これにより、参照ブロックrbごとの評価値SADを算出するとともに、評価値SADの算出時におけるチェックポイントでの累積加算値(区間S1の絶対値diffの増分値)を記録することができる。
<第2決定処理手順>
つぎに、動画処理装置100の第2決定処理手順について説明する。第2決定処理は、参照ブロックrbの評価値SADの算出時に絶対値diffを累積加算する過程を3分割した場合の累積加算順序Yを決定する処理である。
図9は、動画処理装置100の第2決定処理手順の一例を示すフローチャートである。図9のフローチャートにおいて、まず、動画処理装置100は、対象画像OPの縮小画像を生成する(ステップS901)。つぎに、動画処理装置100は、参照画像RPの縮小画像を生成する(ステップS902)。
そして、動画処理装置100は、対象画像OPの縮小画像から元ブロックbを選択する(ステップS903)。つぎに、動画処理装置100は、第2最小評価値算出処理を実行する(ステップS904)。なお、第2最小評価値算出処理の具体的な処理手順については、図10を用いて後述する。
そして、動画処理装置100は、「minSAD−interSAD2」が「interSAD1」より大きいか否かを判断する(ステップS905)。なお、interSAD1は、後述する第1のチェックポイントに達した時点の絶対値diffの累積加算値であり、区間S1の絶対値diffの増分値に相当する。また、interSAD2は、後述する第2のチェックポイントに達した時点の絶対値diffの累積加算値であり、区間S1の絶対値diffの増分値と区間S2の絶対値diffの増分値とを足し合わせたものに相当する。
ここで、「minSAD−interSAD2」が「interSAD1」以下の場合(ステップS905:No)、動画処理装置100は、累積加算順序Yを累積加算順序Xと同順に決定する(ステップS906)。一方、「minSAD−interSAD2」が「interSAD1」より大きい場合(ステップS905:Yes)、動画処理装置100は、累積加算順序Yを累積加算順序Xと逆順に決定する(ステップS907)。
つぎに、動画処理装置100は、元ブロックbと対応付けて、第1動きベクトルV1と累積加算順序情報とを出力する(ステップS908)。そして、動画処理装置100は、対象画像OPの縮小画像から選択していない未選択の元ブロックbがあるか否かを判断する(ステップS909)。
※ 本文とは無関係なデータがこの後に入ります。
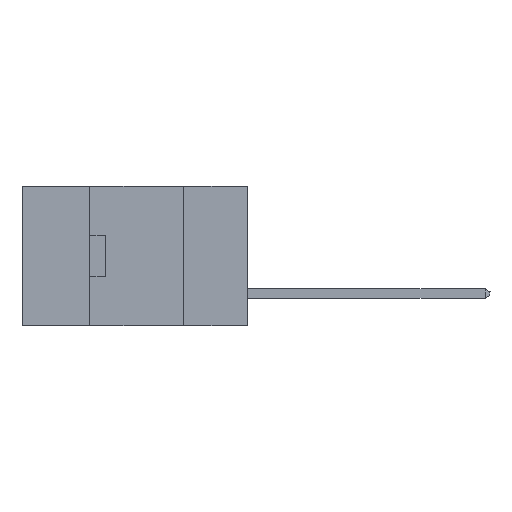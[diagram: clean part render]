
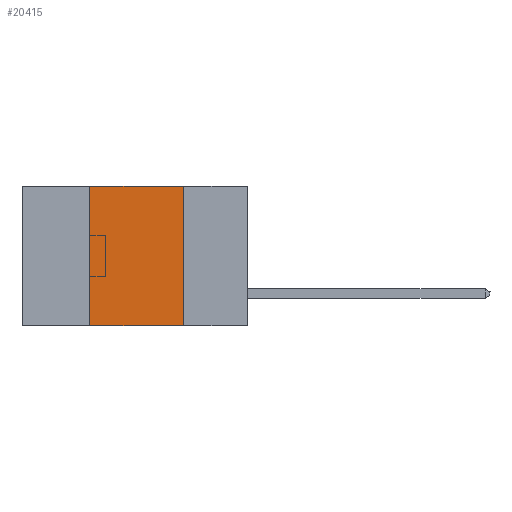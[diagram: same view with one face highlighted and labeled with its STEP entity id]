
A CAD part, left-side view. The second image highlights one B-rep face of the part: STEP entity #20415.
In plain terms, the highlighted planar face has unit normal (-1, 0, 0).
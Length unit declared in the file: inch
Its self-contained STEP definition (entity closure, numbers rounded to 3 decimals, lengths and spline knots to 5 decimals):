
#1783 = VECTOR ( 'NONE', #7884, 39.37008 ) ;
#1954 = VERTEX_POINT ( 'NONE', #13622 ) ;
#2260 = CARTESIAN_POINT ( 'NONE',  ( 0., 0.6, -0.37 ) ) ;
#2936 = DIRECTION ( 'NONE',  ( 0., -1., 0. ) ) ;
#3048 = VERTEX_POINT ( 'NONE', #8080 ) ;
#5069 = EDGE_CURVE ( 'NONE', #3048, #10649, #8159, .T. ) ;
#5128 = ORIENTED_EDGE ( 'NONE', *, *, #23555, .T. ) ;
#5270 = LINE ( 'NONE', #25773, #17748 ) ;
#6390 = LINE ( 'NONE', #8879, #7104 ) ;
#7104 = VECTOR ( 'NONE', #19018, 39.37008 ) ;
#7884 = DIRECTION ( 'NONE',  ( 0., 0., 1. ) ) ;
#8080 = CARTESIAN_POINT ( 'NONE',  ( 0., 0.42, -0.37 ) ) ;
#8159 = LINE ( 'NONE', #16075, #1783 ) ;
#8879 = CARTESIAN_POINT ( 'NONE',  ( 0., 0.17, -0.37 ) ) ;
#9603 = DIRECTION ( 'NONE',  ( 0., 0., -1. ) ) ;
#10019 = ORIENTED_EDGE ( 'NONE', *, *, #26042, .F. ) ;
#10639 = DIRECTION ( 'NONE',  ( 0., -1., 0. ) ) ;
#10649 = VERTEX_POINT ( 'NONE', #26995 ) ;
#11834 = VECTOR ( 'NONE', #10639, 39.37008 ) ;
#13066 = CARTESIAN_POINT ( 'NONE',  ( 0., 0.17, 0. ) ) ;
#13622 = CARTESIAN_POINT ( 'NONE',  ( 0., 0.17, -0.37 ) ) ;
#14487 = ORIENTED_EDGE ( 'NONE', *, *, #17935, .F. ) ;
#16008 = FACE_OUTER_BOUND ( 'NONE', #26632, .T. ) ;
#16075 = CARTESIAN_POINT ( 'NONE',  ( 0., 0.42, -0.37 ) ) ;
#17748 = VECTOR ( 'NONE', #2936, 39.37008 ) ;
#17769 = PLANE ( 'NONE',  #19923 ) ;
#17935 = EDGE_CURVE ( 'NONE', #10649, #18004, #5270, .T. ) ;
#18004 = VERTEX_POINT ( 'NONE', #13066 ) ;
#18021 = DIRECTION ( 'NONE',  ( 1., 0., 0. ) ) ;
#19018 = DIRECTION ( 'NONE',  ( 0., 0., -1. ) ) ;
#19923 = AXIS2_PLACEMENT_3D ( 'NONE', #26122, #18021, #9603 ) ;
#20415 = ADVANCED_FACE ( 'NONE', ( #16008 ), #17769, .F. ) ;
#22605 = LINE ( 'NONE', #2260, #11834 ) ;
#23555 = EDGE_CURVE ( 'NONE', #3048, #1954, #22605, .T. ) ;
#24414 = ORIENTED_EDGE ( 'NONE', *, *, #5069, .F. ) ;
#25773 = CARTESIAN_POINT ( 'NONE',  ( 0., 0.6, 0. ) ) ;
#26042 = EDGE_CURVE ( 'NONE', #18004, #1954, #6390, .T. ) ;
#26122 = CARTESIAN_POINT ( 'NONE',  ( 0., 0.6, 0. ) ) ;
#26632 = EDGE_LOOP ( 'NONE', ( #10019, #14487, #24414, #5128 ) ) ;
#26995 = CARTESIAN_POINT ( 'NONE',  ( 0., 0.42, 0. ) ) ;

ここで、未選択の元ブロックbがある場合(ステップS909:Yes)、動画処理装置100は、ステップS903に戻って、対象画像OPの縮小画像から未選択の元ブロックbを選択する。一方、未選択の元ブロックbがない場合(ステップS909:No)、動画処理装置100は、本フローチャートによる一連の処理を終了する。
これにより、1段階目の動き検出処理において絶対値diffを累積加算する過程を3分割した区間S1〜S3のうち、区間S1の増分値が区間S3の増分値未満の場合は、累積加算順序Yを累積加算順序Xと逆順に決定することができる。また、区間S1の増分値が区間S3の増分値以上の場合は、累積加算順序Yを累積加算順序Xと同順に決定することができる。
つぎに、図9に示したステップS904の第2最小評価値算出処理の具体的な処理手順について説明する。
図10は、第2最小評価値算出処理の具体的処理手順の一例を示すフローチャートである。図10のフローチャートにおいて、まず、動画処理装置100は、最小評価値minSADを「minSAD=+∞」で初期化する(ステップS1001)。
つぎに、動画処理装置100は、参照画像RPの縮小画像から探索範囲内の参照ブロックrbを選択する(ステップS1002)。そして、動画処理装置100は、参照ブロックrbの評価値SADを算出する第2評価値算出処理を実行する(ステップS1003)。なお、第2評価値算出処理の具体的な処理手順については、図11を用いて後述する。
つぎに、動画処理装置100は、参照ブロックrbの評価値SADが最小評価値minSAD未満か否かを判断する(ステップS1004)。ここで、参照ブロックrbの評価値SADが最小評価値minSAD以上の場合(ステップS1004:No)、動画処理装置100は、ステップS1009に移行する。
一方、参照ブロックrbの評価値SADが最小評価値minSAD未満の場合(ステップS1004:Yes)、動画処理装置100は、最小評価値minSADを参照ブロックrbの評価値SADに更新する(ステップS1005)。つぎに、動画処理装置100は、最小評価ベクトルvectorを現在の候補ベクトルに更新する(ステップS1006)。
そして、動画処理装置100は、第1のチェックポイントでの累積加算値interSAD1を累積加算値tmp_interSAD1に更新する(ステップS1007)。つぎに、動画処理装置100は、第2のチェックポイントでの累積加算値interSAD2を累積加算値tmp_interSAD2に更新する(ステップS1008)。なお、累積加算値tmp_interSAD1および累積加算値tmp_interSAD2については、図11を用いて後述する。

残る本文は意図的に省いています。